Go through the records below line by line, counting those that contain the word "ФОРМАТ"; answer with the count only.

Given records Block Start

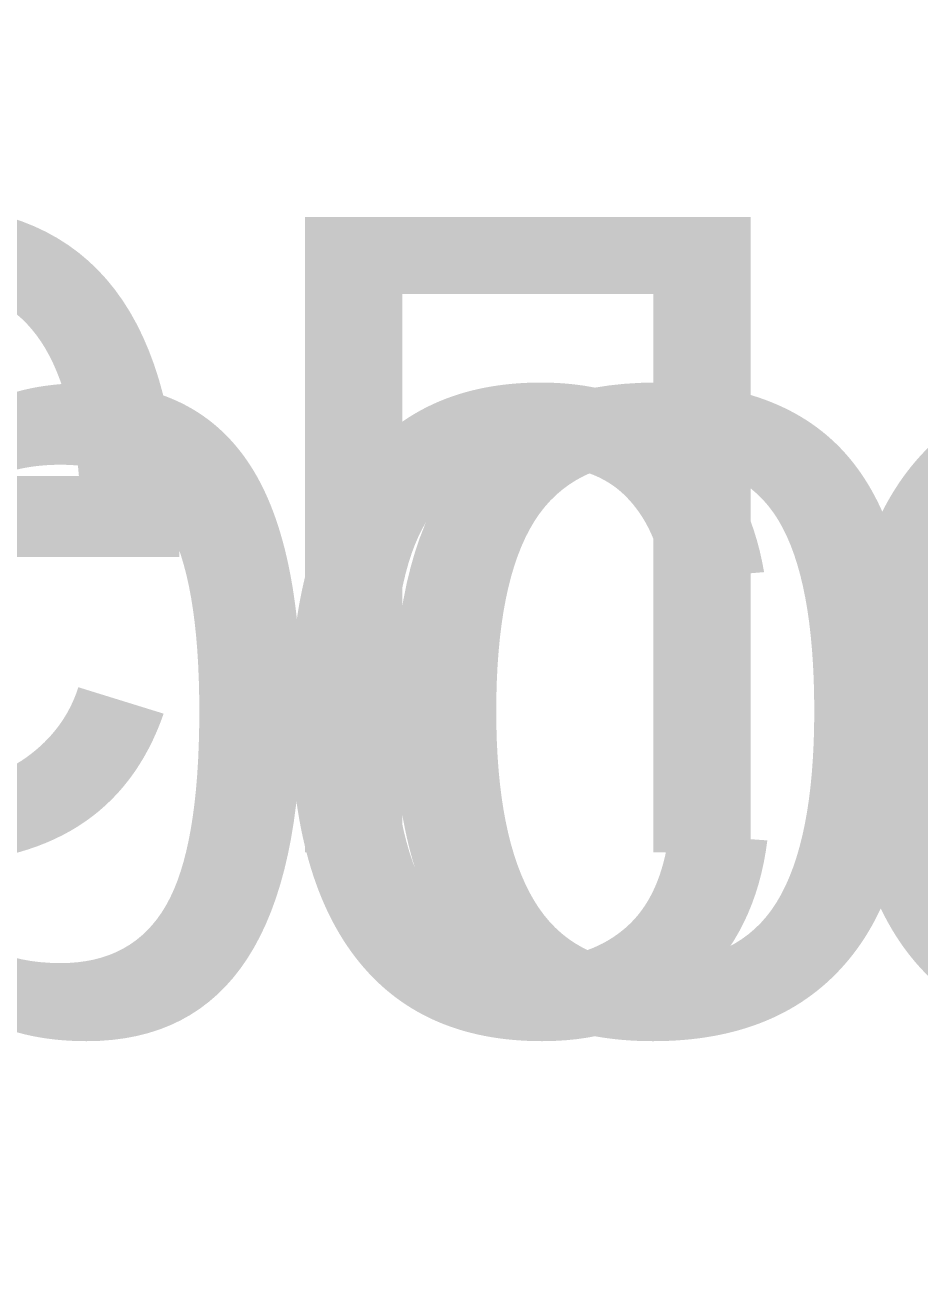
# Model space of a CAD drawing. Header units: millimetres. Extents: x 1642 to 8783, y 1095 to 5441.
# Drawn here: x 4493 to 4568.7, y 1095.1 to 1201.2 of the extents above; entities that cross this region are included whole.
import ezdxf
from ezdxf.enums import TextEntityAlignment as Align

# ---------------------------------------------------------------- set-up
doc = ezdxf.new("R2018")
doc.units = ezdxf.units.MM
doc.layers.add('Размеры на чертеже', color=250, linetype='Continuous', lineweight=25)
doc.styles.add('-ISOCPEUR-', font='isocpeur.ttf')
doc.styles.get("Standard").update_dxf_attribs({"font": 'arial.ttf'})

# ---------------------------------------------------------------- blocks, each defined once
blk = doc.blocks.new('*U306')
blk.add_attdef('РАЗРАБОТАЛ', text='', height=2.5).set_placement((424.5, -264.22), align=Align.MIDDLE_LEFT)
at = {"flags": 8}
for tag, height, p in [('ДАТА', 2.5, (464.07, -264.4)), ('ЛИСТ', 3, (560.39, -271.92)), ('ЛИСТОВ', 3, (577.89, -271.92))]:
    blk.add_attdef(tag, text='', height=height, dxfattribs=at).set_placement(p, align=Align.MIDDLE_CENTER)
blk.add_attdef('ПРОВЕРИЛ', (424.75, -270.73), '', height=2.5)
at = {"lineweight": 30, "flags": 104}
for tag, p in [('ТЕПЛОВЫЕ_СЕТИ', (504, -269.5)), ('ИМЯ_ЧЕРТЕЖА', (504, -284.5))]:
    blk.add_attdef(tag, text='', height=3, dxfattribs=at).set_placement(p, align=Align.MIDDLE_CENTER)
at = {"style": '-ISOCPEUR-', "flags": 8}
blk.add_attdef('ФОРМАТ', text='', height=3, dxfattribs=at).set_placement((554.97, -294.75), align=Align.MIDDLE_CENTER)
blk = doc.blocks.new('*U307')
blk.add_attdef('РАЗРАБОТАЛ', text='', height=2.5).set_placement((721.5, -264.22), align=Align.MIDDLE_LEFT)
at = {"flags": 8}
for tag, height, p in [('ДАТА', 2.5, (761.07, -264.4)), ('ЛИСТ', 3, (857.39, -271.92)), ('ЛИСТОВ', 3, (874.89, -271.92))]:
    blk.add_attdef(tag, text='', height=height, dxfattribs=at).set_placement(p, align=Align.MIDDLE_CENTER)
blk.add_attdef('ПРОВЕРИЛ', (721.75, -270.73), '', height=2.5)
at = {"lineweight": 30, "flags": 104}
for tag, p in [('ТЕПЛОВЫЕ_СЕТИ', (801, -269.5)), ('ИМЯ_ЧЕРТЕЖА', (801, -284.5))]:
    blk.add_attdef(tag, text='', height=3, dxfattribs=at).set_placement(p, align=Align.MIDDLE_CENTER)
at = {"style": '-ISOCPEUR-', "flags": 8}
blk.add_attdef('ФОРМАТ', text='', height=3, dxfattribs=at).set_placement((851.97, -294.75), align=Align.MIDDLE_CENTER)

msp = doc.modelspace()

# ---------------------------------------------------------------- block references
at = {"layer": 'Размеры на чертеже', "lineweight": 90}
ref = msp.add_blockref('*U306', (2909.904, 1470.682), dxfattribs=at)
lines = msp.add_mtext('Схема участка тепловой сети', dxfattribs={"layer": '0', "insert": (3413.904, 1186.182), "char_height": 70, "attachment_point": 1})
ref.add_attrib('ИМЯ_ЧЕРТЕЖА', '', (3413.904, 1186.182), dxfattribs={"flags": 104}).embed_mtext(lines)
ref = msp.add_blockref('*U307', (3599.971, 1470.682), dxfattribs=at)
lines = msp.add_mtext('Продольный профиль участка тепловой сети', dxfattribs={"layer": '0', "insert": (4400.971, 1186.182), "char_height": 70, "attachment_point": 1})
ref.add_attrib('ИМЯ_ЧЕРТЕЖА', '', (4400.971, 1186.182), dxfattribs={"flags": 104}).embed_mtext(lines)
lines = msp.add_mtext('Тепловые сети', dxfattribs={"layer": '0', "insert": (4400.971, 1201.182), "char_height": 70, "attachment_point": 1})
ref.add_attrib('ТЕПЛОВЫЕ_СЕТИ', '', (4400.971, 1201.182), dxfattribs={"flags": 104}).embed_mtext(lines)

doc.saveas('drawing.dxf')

Given records Block End

__Exercise output__. 2